Exercise aim >> From the entries that follow, list every line in which the string "diodes" appears.

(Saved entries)
*** Block opens ***
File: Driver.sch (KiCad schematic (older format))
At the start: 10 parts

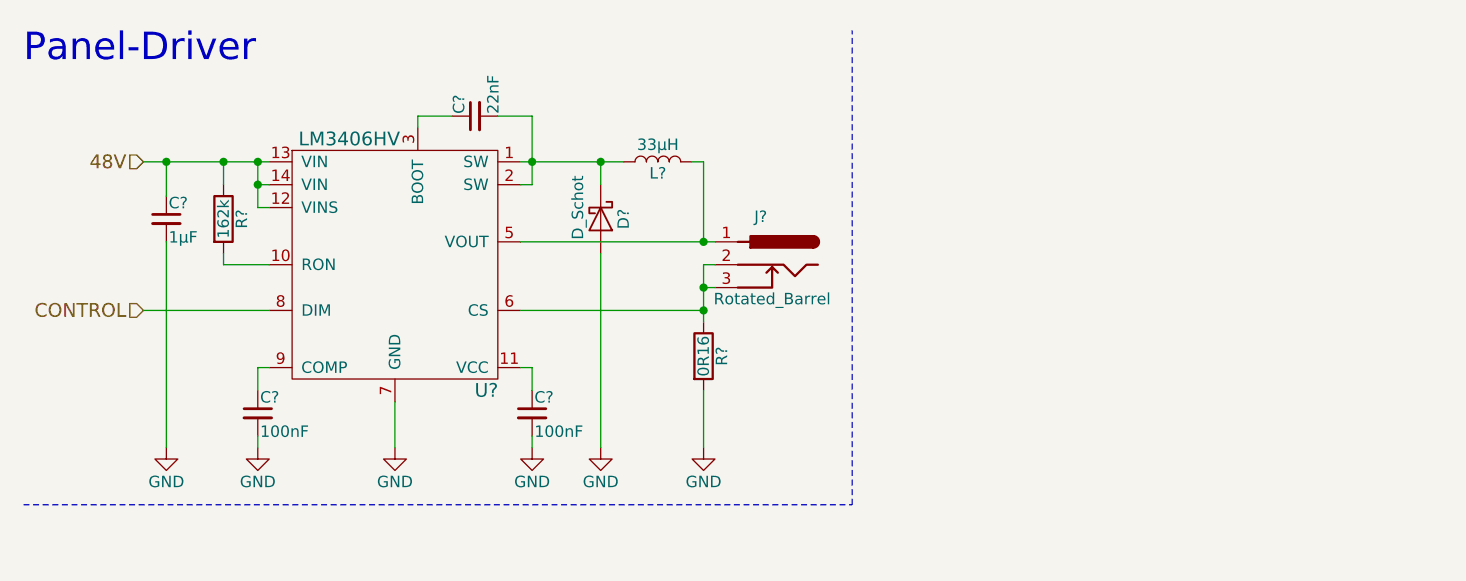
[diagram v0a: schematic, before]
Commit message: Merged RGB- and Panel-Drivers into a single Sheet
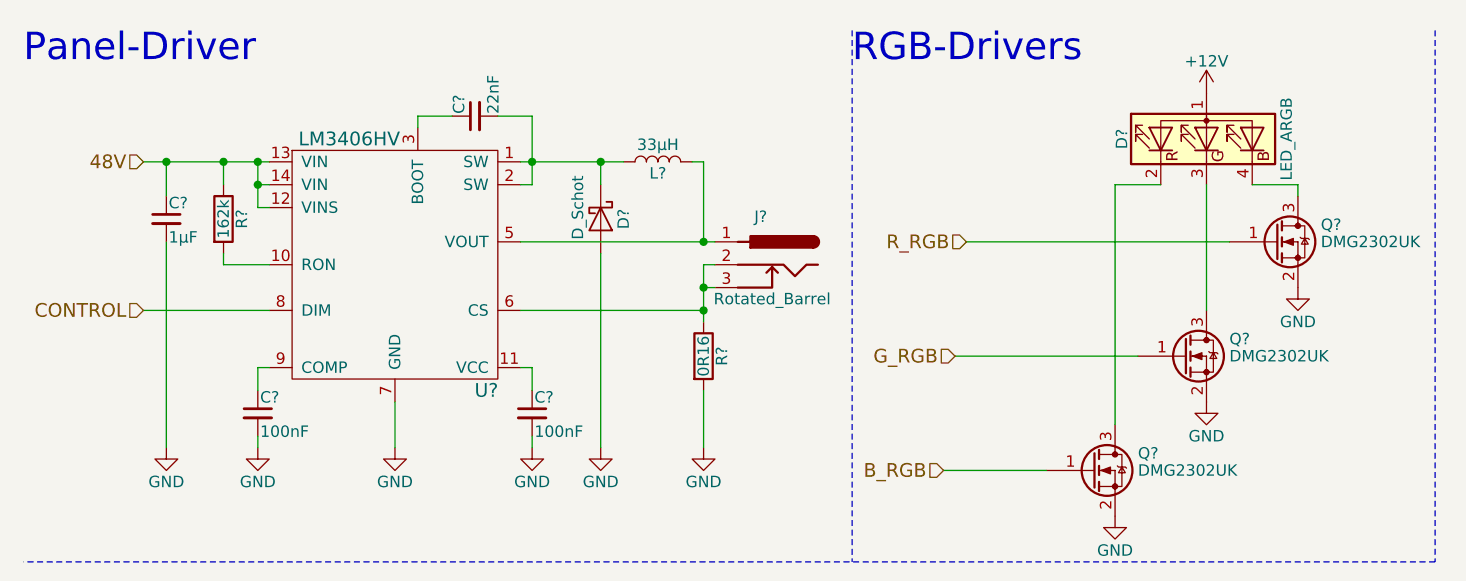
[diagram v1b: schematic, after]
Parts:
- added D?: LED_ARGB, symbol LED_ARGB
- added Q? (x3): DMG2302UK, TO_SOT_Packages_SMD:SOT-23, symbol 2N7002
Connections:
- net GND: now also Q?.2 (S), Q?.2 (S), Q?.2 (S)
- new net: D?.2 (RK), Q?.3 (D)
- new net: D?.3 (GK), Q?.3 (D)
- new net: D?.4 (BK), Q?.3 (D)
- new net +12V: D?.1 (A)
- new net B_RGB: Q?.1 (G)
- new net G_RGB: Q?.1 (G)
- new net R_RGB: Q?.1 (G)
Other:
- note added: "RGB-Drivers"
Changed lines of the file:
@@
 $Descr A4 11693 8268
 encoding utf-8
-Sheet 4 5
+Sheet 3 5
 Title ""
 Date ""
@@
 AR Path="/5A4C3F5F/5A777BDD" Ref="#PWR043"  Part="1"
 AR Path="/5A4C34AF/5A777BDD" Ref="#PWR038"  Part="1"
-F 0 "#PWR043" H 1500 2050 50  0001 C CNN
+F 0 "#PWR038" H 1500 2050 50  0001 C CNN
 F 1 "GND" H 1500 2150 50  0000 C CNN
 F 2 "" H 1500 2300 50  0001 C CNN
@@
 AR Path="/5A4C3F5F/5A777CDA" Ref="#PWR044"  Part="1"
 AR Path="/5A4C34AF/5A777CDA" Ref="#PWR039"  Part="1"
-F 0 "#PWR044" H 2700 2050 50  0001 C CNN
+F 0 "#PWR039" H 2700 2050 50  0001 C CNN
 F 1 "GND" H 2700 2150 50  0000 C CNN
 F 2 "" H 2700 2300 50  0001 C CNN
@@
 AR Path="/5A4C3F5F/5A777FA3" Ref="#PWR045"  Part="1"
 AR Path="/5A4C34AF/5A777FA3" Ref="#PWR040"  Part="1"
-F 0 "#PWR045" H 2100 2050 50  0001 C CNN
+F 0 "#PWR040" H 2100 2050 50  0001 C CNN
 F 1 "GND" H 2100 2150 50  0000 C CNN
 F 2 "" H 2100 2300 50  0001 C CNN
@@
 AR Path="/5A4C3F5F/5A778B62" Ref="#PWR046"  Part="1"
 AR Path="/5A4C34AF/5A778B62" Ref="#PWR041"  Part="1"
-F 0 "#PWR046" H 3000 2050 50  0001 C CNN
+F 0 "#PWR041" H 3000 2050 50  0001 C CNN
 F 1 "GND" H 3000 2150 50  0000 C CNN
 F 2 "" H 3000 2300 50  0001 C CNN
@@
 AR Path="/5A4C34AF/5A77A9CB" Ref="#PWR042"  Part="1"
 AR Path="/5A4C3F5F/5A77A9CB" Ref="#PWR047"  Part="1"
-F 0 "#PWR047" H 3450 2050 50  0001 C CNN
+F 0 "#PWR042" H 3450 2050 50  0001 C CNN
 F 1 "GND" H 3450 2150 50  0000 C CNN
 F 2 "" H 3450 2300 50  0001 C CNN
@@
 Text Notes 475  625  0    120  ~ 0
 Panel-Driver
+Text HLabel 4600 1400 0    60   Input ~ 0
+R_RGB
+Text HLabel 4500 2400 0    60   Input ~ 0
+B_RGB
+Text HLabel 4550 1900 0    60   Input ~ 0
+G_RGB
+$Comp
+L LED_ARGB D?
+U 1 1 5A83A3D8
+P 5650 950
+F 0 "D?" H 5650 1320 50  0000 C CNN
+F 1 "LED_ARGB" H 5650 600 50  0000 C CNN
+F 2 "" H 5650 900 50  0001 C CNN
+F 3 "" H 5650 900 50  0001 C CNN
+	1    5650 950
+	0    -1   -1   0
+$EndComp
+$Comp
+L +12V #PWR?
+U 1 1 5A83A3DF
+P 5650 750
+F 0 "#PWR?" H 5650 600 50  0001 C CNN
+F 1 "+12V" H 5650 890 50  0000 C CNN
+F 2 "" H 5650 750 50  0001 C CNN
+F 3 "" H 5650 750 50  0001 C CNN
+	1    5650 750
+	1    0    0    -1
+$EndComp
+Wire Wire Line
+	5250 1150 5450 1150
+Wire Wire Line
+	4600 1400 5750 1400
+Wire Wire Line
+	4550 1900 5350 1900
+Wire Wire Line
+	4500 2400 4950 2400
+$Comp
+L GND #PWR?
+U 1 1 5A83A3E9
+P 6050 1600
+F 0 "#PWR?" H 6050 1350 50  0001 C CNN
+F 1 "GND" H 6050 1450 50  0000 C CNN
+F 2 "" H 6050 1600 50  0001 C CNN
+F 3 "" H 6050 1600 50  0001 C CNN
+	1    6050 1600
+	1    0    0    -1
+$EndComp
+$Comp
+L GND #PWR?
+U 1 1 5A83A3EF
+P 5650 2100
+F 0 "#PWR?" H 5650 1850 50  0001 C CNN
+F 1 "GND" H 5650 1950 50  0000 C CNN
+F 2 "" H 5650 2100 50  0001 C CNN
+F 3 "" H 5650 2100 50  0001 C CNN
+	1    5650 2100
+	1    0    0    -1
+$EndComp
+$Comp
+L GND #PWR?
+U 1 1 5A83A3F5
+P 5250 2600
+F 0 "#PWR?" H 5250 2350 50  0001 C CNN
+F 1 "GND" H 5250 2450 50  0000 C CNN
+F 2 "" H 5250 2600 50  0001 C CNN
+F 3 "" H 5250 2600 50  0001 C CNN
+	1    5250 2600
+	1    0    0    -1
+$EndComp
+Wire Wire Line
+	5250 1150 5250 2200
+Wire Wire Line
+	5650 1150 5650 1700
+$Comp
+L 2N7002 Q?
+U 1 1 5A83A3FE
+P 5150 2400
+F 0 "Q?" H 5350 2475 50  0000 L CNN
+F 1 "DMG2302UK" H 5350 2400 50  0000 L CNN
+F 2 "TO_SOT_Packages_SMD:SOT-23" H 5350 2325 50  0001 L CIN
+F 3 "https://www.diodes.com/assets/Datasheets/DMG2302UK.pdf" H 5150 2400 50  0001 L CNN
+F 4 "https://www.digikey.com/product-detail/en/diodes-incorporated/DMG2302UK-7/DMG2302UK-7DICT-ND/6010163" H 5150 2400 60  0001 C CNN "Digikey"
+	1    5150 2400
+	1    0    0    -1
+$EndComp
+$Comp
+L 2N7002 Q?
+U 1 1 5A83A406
*** Block closes ***
Task output >>
+F 3 "https://www.diodes.com/assets/Datasheets/DMG2302UK.pdf" H 5150 2400 50  0001 L CNN
+F 4 "https://www.digikey.com/product-detail/en/diodes-incorporated/DMG2302UK-7/DMG2302UK-7DICT-ND/6010163" H 5150 2400 60  0001 C CNN "Digikey"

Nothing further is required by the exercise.